W,d,x\in\mathbb{Z},\quad 2\leq W,\quad 1\leq d\lt 2^W,\quad 0\leq x\lt 2^W において 除算の商 \left\lfloor x/d\right\rfloor を計算:

mulh(m, x) \displaystyle=\left\lfloor\frac{mx}{2^W}\right\rfloor\quad\left(m,x\in\mathbb{Z},\quad 0\le m\lt 2^W,\quad 0\le x\lt 2^W\right)

  • d=1 の場合:
    • \displaystyle\left\lfloor\frac{x}{d}\right\rfloor=x
    • 擬似コード: x
  • \log_2d=\lceil\log_2d\rceil (d2 の累乗数) の場合:
    • \displaystyle t=\log_2d,\quad\left\lfloor\frac{x}{d}\right\rfloor=\left\lfloor\frac{x}{2^{\log_2d}}\right\rfloor
    • 前計算: s=\log_2d
    • 擬似コード: x >> s
  • \displaystyle\log_2d\ne\lceil\log_2d\rceil,\quad t=\lfloor\log_2((2^W-1)d)\rfloor,\quad\left(-2^t\right)\operatorname{mod}d\lt 2^{(t-W)} の場合:
    • \displaystyle t=\lfloor\log_2((2^W-1)d)\rfloor,\quad\left\lfloor\frac{x}{d}\right\rfloor=\left\lfloor\left\lceil\frac{2^t}{d}\right\rceil\frac{x}{2^t}\right\rfloor=\left\lfloor\left\lfloor\left\lceil\frac{2^t}{d}\right\rceil\frac{x}{2^W}\right\rfloor\frac{1}{2^{(t-W)}}\right\rfloor
    • 前計算: \displaystyle t=\lfloor\log_2((2^W-1)d)\rfloor,\quad s=t-W,\quad m=\left\lceil\frac{2^t}{d}\right\rceil
    • 擬似コード: mulh(m, x) >> s
  • 上記以外の場合:
    • \displaystyle t=W+\lceil\log_2d\rceil,\quad y=\left\lfloor\left(\left\lceil\frac{2^t}{d}\right\rceil-2^W\right)\frac{x}{2^W}\right\rfloor,
      \displaystyle\left\lfloor\frac{x}{d}\right\rfloor=\left\lfloor\left\lceil\frac{2^t}{d}\right\rceil\frac{x}{2^t}\right\rfloor=\left\lfloor\left(\left\lfloor\frac{x-y}{2}\right\rfloor+y\right)\frac{1}{2^{(t-W-1)}}\right\rfloor
    • 前計算: \displaystyle t=W+\lceil\log_2d\rceil,\quad s=t-W-1,\quad m=\left\lceil\frac{2^t}{d}\right\rceil-2^W
    • 擬似コード: y = mulh(m, x); (((x - y) >> 1) + y) >> s

b. 丁度か 1 小さい値を求める (d: 除数, x: 被除数, s,t: パラメータ [ x の範囲に影響 ])
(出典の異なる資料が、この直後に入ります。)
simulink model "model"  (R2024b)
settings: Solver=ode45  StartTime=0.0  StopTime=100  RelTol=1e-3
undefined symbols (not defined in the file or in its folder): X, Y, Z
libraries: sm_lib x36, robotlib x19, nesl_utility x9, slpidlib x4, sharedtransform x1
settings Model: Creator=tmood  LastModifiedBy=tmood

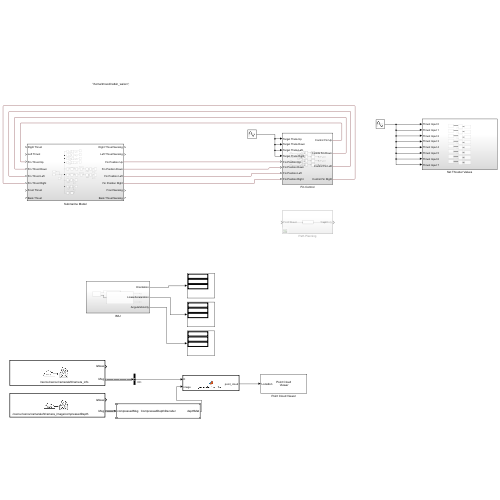
[thumbnail: Simulink's stored preview of the top-level diagram]
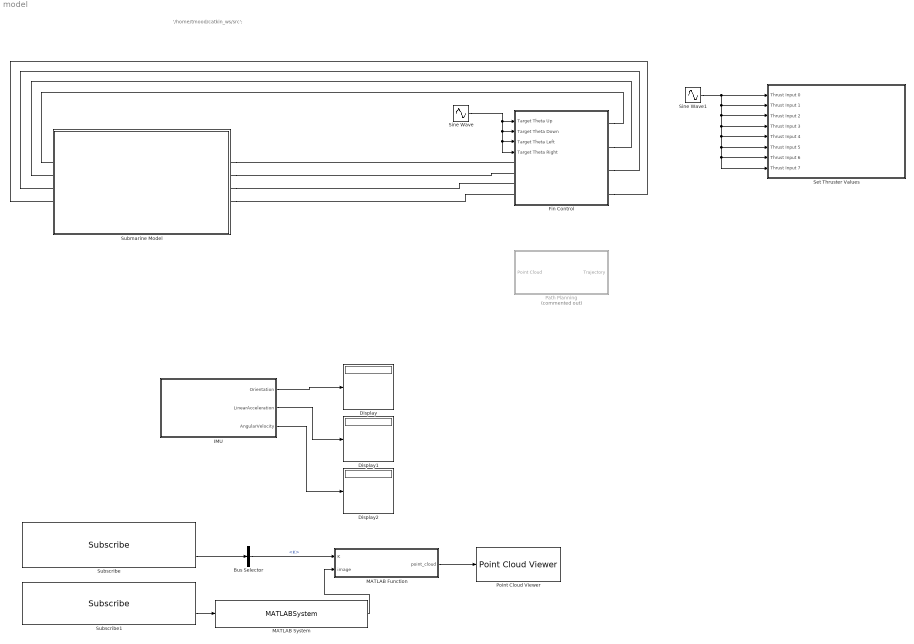
== system model ==
  note: '/home/tmood/catkin_ws/src';
  Bus Selector : BusSelector  OutputSignals=K
  Display : Display
  Display1 : Display
  Display2 : Display
  Fin Control : Subsystem
  IMU : Subsystem
  MATLAB Function : MATLAB Function  TreatAsAtomicUnit=on
  MATLAB System : MATLABSystem  System=CompressedDepthDecoder  SimulateUsing=Interpreted execution
      mask Type: CompressedDepthDecoder
      mask Display:
      | disp('CompressedDepthDecoder');
      | port_label('input',1,'compressedMsg');
      | port_label('output',1,'depthMat');
  Path Planning : Subsystem  Commented=on
  Point Cloud Viewer : PointCloudViewer  FigPos=[665.8 703.6 409.6 300]
  Set Thruster Values : Subsystem
  Sine Wave : Sin  Amplitude=pi/2  SampleTime=0
  Sine Wave1 : Sin  Amplitude=2000  Frequency=0.1  SampleTime=0
  Submarine Model : Subsystem
  Subscribe : robotlib/Subscribe  topicSource=Select from ROS network  topic=/rexrov/rexrov/cameraleft/camera_info  messageType=sensor_msgs/CameraInfo  SampleTime=-1  legacyBusStruct=off  messageQueueLength=1
  Subscribe1 : robotlib/Subscribe  topicSource=Select from ROS network  topic=/rexrov/rexrov/cameraleft/camera_image/compressedDepth  messageType=sensor_msgs/CompressedImage  SampleTime=-1  legacyBusStruct=off  messageQueueLength=1
  wires:
  Sine Wave/1 -> Fin Control/4(Target Theta Right), Fin Control/3(Target Theta Left), Fin Control/2(Target Theta Down), Fin Control/1(Target Theta Up)
  Sine Wave1/1 -> Set Thruster Values/8(Thrust Input 7), Set Thruster Values/7(Thrust Input 6), Set Thruster Values/6(Thrust Input 5), Set Thruster Values/5(Thrust Input 4), Set Thruster Values/4(Thrust Input 3), Set Thruster Values/3(Thrust Input 2), Set Thruster Values/2(Thrust Input 1), Set Thruster Values/1(Thrust Input 0)
  IMU/1(Orientation) -> Display/1
  IMU/2(LinearAcceleration) -> Display1/1
  IMU/3(AngularVelocity) -> Display2/1
  Subscribe/2 -> Bus Selector/1
  Subscribe1/2 -> MATLAB System/1
  MATLAB Function/1(point_cloud) -> Point Cloud Viewer/1
  Bus Selector/1 -> MATLAB Function/1(K)  "<K>"
  MATLAB System/1 -> MATLAB Function/2(image)
  connections:
  Submarine Model/RConn3 -- Fin Control/LConn1
  Submarine Model/RConn4 -- Fin Control/LConn2
  Submarine Model/RConn5 -- Fin Control/LConn3
  Submarine Model/RConn6 -- Fin Control/LConn4
  Fin Control/RConn1 -- Submarine Model/LConn3
  Fin Control/RConn2 -- Submarine Model/LConn4
  Fin Control/RConn3 -- Submarine Model/LConn5
  Fin Control/RConn4 -- Submarine Model/LConn6

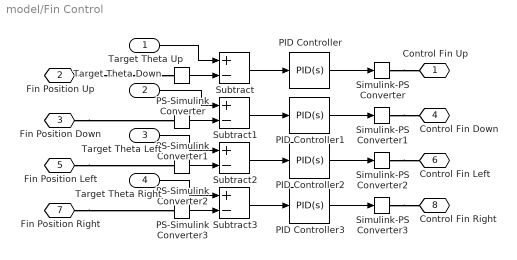
== system model/Fin Control ==
  Target Theta Up : Inport
  Target Theta Down : Inport  Port=2
  Target Theta Left : Inport  Port=3
  Target Theta Right : Inport  Port=4
  PID Controller{,1..3} (4 alike) : slpidlib/PID Controller  Controller=PID  Form=Parallel  TimeDomain=Continuous-time  UseExternalTs=off  SampleTime=-1  IntegratorMethod=Forward Euler  FilterMethod=Forward Euler  ControllerParametersSource=internal  P=1.4  I=0.5  UseKiTs=off  D=1.4  UseExternalDerivativeSource=off  N=100  UseFilter=on  TunerSelectOption=Transfer Function Based (PID Tuner App)  InitialConditionSource=internal  InitialConditionForIntegrator=0.1  InitialConditionForFilter=0  DifferentiatorICPrevScaledInput=0  ExternalReset=none  TrackingMode=off  Kt=1  LimitOutput=off  SatLimitsSource=internal  UpperSaturationLimit=inf  LowerSaturationLimit=-inf  LinearizeAsGain=on  AntiWindupMode=none  Kb=1  LimitIntegrator=off  UpperIntegratorSaturationLimit=inf  LowerIntegratorSaturationLimit=-inf  POutMin=[]  POutMax=[]  IOutMin=[]  IOutMax=[]  DOutMin=[]  DOutMax=[]  NOutMin=[]  NOutMax=[]  SumOutMin=[]  SumOutMax=[]  SaturationOutMin=[]  SaturationOutMax=[]  PParamMin=[]  PParamMax=[]  IParamMin=[]  IParamMax=[]  DParamMin=[]  DParamMax=[]  NParamMin=[]  NParamMax=[]  KbParamMin=[]  KbParamMax=[]  KtParamMin=[]  KtParamMax=[]  KbOutMin=[]  KbOutMax=[]  KtOutMin=[]  KtOutMax=[]  IntegratorOutMin=[]  IntegratorOutMax=[]  FilterOutMin=[]  FilterOutMax=[]  SumI1OutMin=[]  SumI1OutMax=[]  SumI2OutMin=[]  SumI2OutMax=[]  SumI3OutMin=[]  SumI3OutMax=[]  SumI4OutMin=[]  SumI4OutMax=[]  SumDOutMin=[]  SumDOutMax=[]  DifferentiatorOutMin=[]  DifferentiatorOutMax=[]  FilterDiffOutCoefMin=[]  FilterDiffOutCoefMax=[]  ReciprocalOutMin=[]  ReciprocalOutMax=[]  SumDenOutMin=[]  SumDenOutMax=[]  SumNumOutMin=[]  SumNumOutMax=[]  DivideOutMin=[]  DivideOutMax=[]  UdiffTsProdOutMin=[]  UdiffTsProdOutMax=[]  NTsProdOutMin=[]  NTsProdOutMax=[]  UintegralTsProdOutMin=[]  UintegralTsProdOutMax=[]  UngainTsProdOutMin=[]  UngainTsProdOutMax=[]  ClampingZeroOutDataTypeStr=Inherit: Inherit via back propagation  ClampingZeroOutMin=[]  ClampingZeroOutMax=[]  FilterDenConstantOutDataTypeStr=Inherit: Inherit via back propagation  FilterDenConstantOutMin=[]  FilterDenConstantOutMax=[]  PCopyOutDataTypeStr=Inherit: Inherit via back propagation  PCopyOutMin=[]  PCopyOutMax=[]  NCopyOutDataTypeStr=Inherit: Inherit via back propagation  NCopyOutMin=[]  NCopyOutMax=[]  IntegratorContinuousStateAttributes=''  IntegratorStateMustResolveToSignalObject=off  IntegratorRTWStateStorageClass=Auto  FilterContinuousStateAttributes=''  FilterStateMustResolveToSignalObject=off  FilterRTWStateStorageClass=Auto  ParallelPVariant=InternalParameters  IdealPVariant=Disabled  IVariant=InternalParameters  DVariant=InternalParameters  IntegratorVariant=Continuous  SatVariant=Disabled  AWVariant=Passthrough  PCopyVariant=Disabled  TRVariant=Disabled  FdbkBlocksVariant=Forward  IdealPFdbkVariant=Disabled  SatFdbkVariant=Disabled  DerivativeFilterVariant=ContFilter  NVariant=InternalParameters  NCopyVariant=Disabled  FilterICVariant=InternalICsFilter  IntegratorICVariant=InternalICs  ExternalResetVariant=Disabled  TRSumVariant=Passthrough  SumFdbkVariant=Disabled  SumVariant=Sum_PID  TsampFilterVariant=InternalTs  TsampNgainVariant=Passthrough  TsampIntegralVariant=Disabled_SignalSpec  ExternalSaturationOutDataTypeStr=Inherit: Same as second input  DerivativeSourceVariant=ErrorSignal  PreIntVariant=InternalPreInt
  PS-Simulink Converter{,1..3} (4 alike) : nesl_utility/PS-Simulink Converter  PhysicalDomain=network_engine_domain  SubClassName=ps_output  LeftPortType=input  RightPortType=output  PseudoPeriodic=off  Frequencies=[]  VectorFormat=inherit  Unit=inherit  AffineConversion=off
  Simulink-PS Converter{,1..3} (4 alike) : nesl_utility/Simulink-PS Converter  PhysicalDomain=network_engine_domain  SubClassName=ps_input  LeftPortType=input  RightPortType=output  PseudoPeriodic=off  Frequencies=[]  NoiseDistribution=none  NoiseParameters=[]  Unit=1  AffineConversion=off  FilteringAndDerivatives=provide  SimscapeFilterOrder=1  InputFilterTimeConstant=0.001  UdotUserProvided=0
  Subtract{,1..3} (4 alike) : Sum  Inputs=+-
  Control Fin Up : PMIOPort  Side=Right
  Fin Position Up : PMIOPort  Port=2  Side=Left
  Fin Position Down : PMIOPort  Port=3  Side=Left
  Control Fin Down : PMIOPort  Port=4  Side=Right
  Fin Position Left : PMIOPort  Port=5  Side=Left
  Control Fin Left : PMIOPort  Port=6  Side=Right
  Fin Position Right : PMIOPort  Port=7  Side=Left
  Control Fin Right : PMIOPort  Port=8  Side=Right
  wires:
  PID Controller1/1 -> Simulink-PS Converter1/1
  PS-Simulink Converter2/1 -> Subtract2/2
  Target Theta Up/1 -> Subtract/1
  PID Controller2/1 -> Simulink-PS Converter2/1
  PS-Simulink Converter3/1 -> Subtract3/2
  PID Controller/1 -> Simulink-PS Converter/1
  PID Controller3/1 -> Simulink-PS Converter3/1
  Subtract1/1 -> PID Controller1/1
  PS-Simulink Converter1/1 -> Subtract1/2
  Target Theta Down/1 -> Subtract1/1
  PS-Simulink Converter/1 -> Subtract/2
  Target Theta Right/1 -> Subtract3/1
  Subtract/1 -> PID Controller/1
  Subtract2/1 -> PID Controller2/1
  Subtract3/1 -> PID Controller3/1
  Target Theta Left/1 -> Subtract2/1
  connections:
  Fin Position Down/RConn1 -- PS-Simulink Converter1/LConn1
  Simulink-PS Converter2/RConn1 -- Control Fin Left/RConn1
  Simulink-PS Converter/RConn1 -- Control Fin Up/RConn1
  Fin Position Left/RConn1 -- PS-Simulink Converter2/LConn1
  Simulink-PS Converter1/RConn1 -- Control Fin Down/RConn1
  Fin Position Right/RConn1 -- PS-Simulink Converter3/LConn1
  Fin Position Up/RConn1 -- PS-Simulink Converter/LConn1
  Simulink-PS Converter3/RConn1 -- Control Fin Right/RConn1

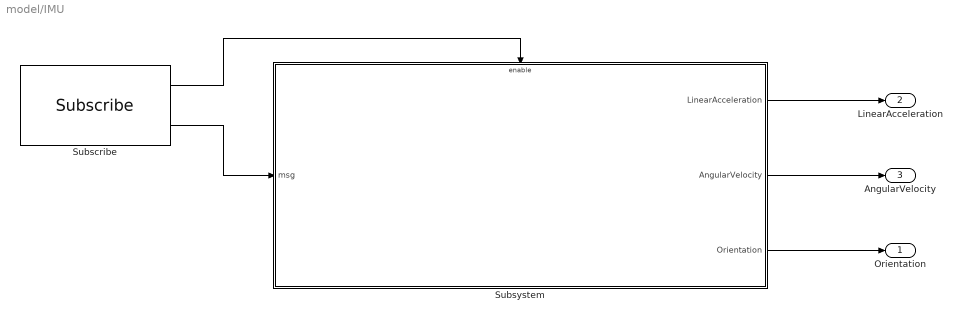
== system model/IMU ==
  Subscribe : robotlib/Subscribe  topicSource=Select from ROS network  topic=/rexrov/imu  messageType=sensor_msgs/Imu  SampleTime=-1  legacyBusStruct=off  messageQueueLength=1
  Subsystem : Subsystem
  Orientation : Outport
  LinearAcceleration : Outport  Port=2
  AngularVelocity : Outport  Port=3
  wires:
  Subscribe/2 -> Subsystem/1(msg)
  Subsystem/1(LinearAcceleration) -> LinearAcceleration/1
  Subsystem/2(AngularVelocity) -> AngularVelocity/1
  Subsystem/3(Orientation) -> Orientation/1
  Subscribe/1 -> Subsystem/Enable

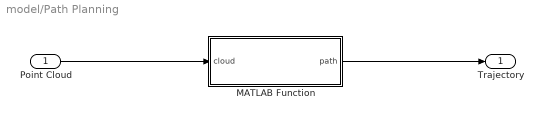
== system model/Path Planning ==
  Point Cloud : Inport
  MATLAB Function : MATLAB Function  TreatAsAtomicUnit=on
  Trajectory : Outport
  wires:
  Point Cloud/1 -> MATLAB Function/1(cloud)
  MATLAB Function/1(path) -> Trajectory/1

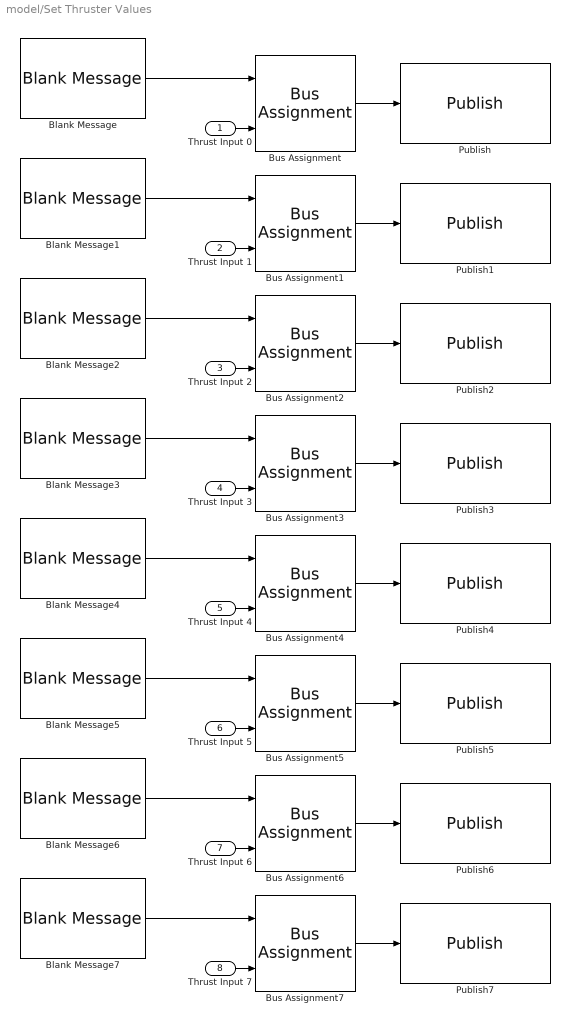
== system model/Set Thruster Values ==
  Thrust Input 0 : Inport
  Thrust Input 1 : Inport  Port=2
  Thrust Input 2 : Inport  Port=3
  Thrust Input 3 : Inport  Port=4
  Thrust Input 4 : Inport  Port=5
  Thrust Input 5 : Inport  Port=6
  Thrust Input 6 : Inport  Port=7
  Thrust Input 7 : Inport  Port=8
  Blank Message{,1..7} (8 alike) : robotlib/Blank Message  messageClass=Message  entityType=uuv_gazebo_ros_plugins_msgs/FloatStamped  messageType=uuv_gazebo_ros_plugins_msgs/FloatStamped  SampleTime=inf  legacyBusStruct=off
  Bus Assignment{,1..7} (8 alike) : BusAssignment  AssignedSignals=Data
  Publish : robotlib/Publish  topicSource=Select from ROS network  topic=/rexrov/thrusters/0/input  messageType=uuv_gazebo_ros_plugins_msgs/FloatStamped  legacyBusStruct=off  messageQueueLength=1
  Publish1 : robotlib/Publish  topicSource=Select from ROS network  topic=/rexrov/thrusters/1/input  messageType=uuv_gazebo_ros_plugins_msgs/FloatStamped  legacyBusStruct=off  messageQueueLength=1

\displaystyle d,s,t,x\in\mathbb{Z},\quad 0\le s,\quad 0\le t,\quad 2^s\le d\le 2^{(s+t)},

\begin{cases}\displaystyle\left(\left\lfloor\frac{x}{d}\right\rfloor-1\right)\le\left\lfloor\left\lfloor\frac{x}{2^s}\right\rfloor\left\lfloor\frac{2^{(s+t)}}{d}\right\rfloor\frac{1}{2^t}\right\rfloor\le\left\lfloor\frac{x}{d}\right\rfloor\\ \quad\quad\displaystyle\left(0\lt 2^{(s+t)}\operatorname{mod}d\lt d,\quad 0\le x\lt \frac{2^{(s+t)}(d-2^s+1)}{2^{(s+t)}\operatorname{mod}d}+2^s-1\right)\\\displaystyle\left\lfloor\frac{x}{d}\right\rfloor=\left\lfloor\left\lfloor\frac{x}{2^s}\right\rfloor\left\lfloor\frac{2^{(s+t)}}{d}\right\rfloor\frac{1}{2^t}\right\rfloor\\ \quad\quad\displaystyle\left(2^{(s+t)}\operatorname{mod}d=0,\quad 0\le x\displaystyle\right)\end{cases}

前計算: \displaystyle m=\left\lfloor\frac{2^{(s+t)}}{d}\right\rfloor

擬似コード: ((x >> s) * m) >> t

s=0 の場合の擬似コード: (x * m) >> t


c. 丁度か 1 大きい値を求める (d: 除数, x: 被除数, s,t: パラメータ [ x の範囲に影響 ])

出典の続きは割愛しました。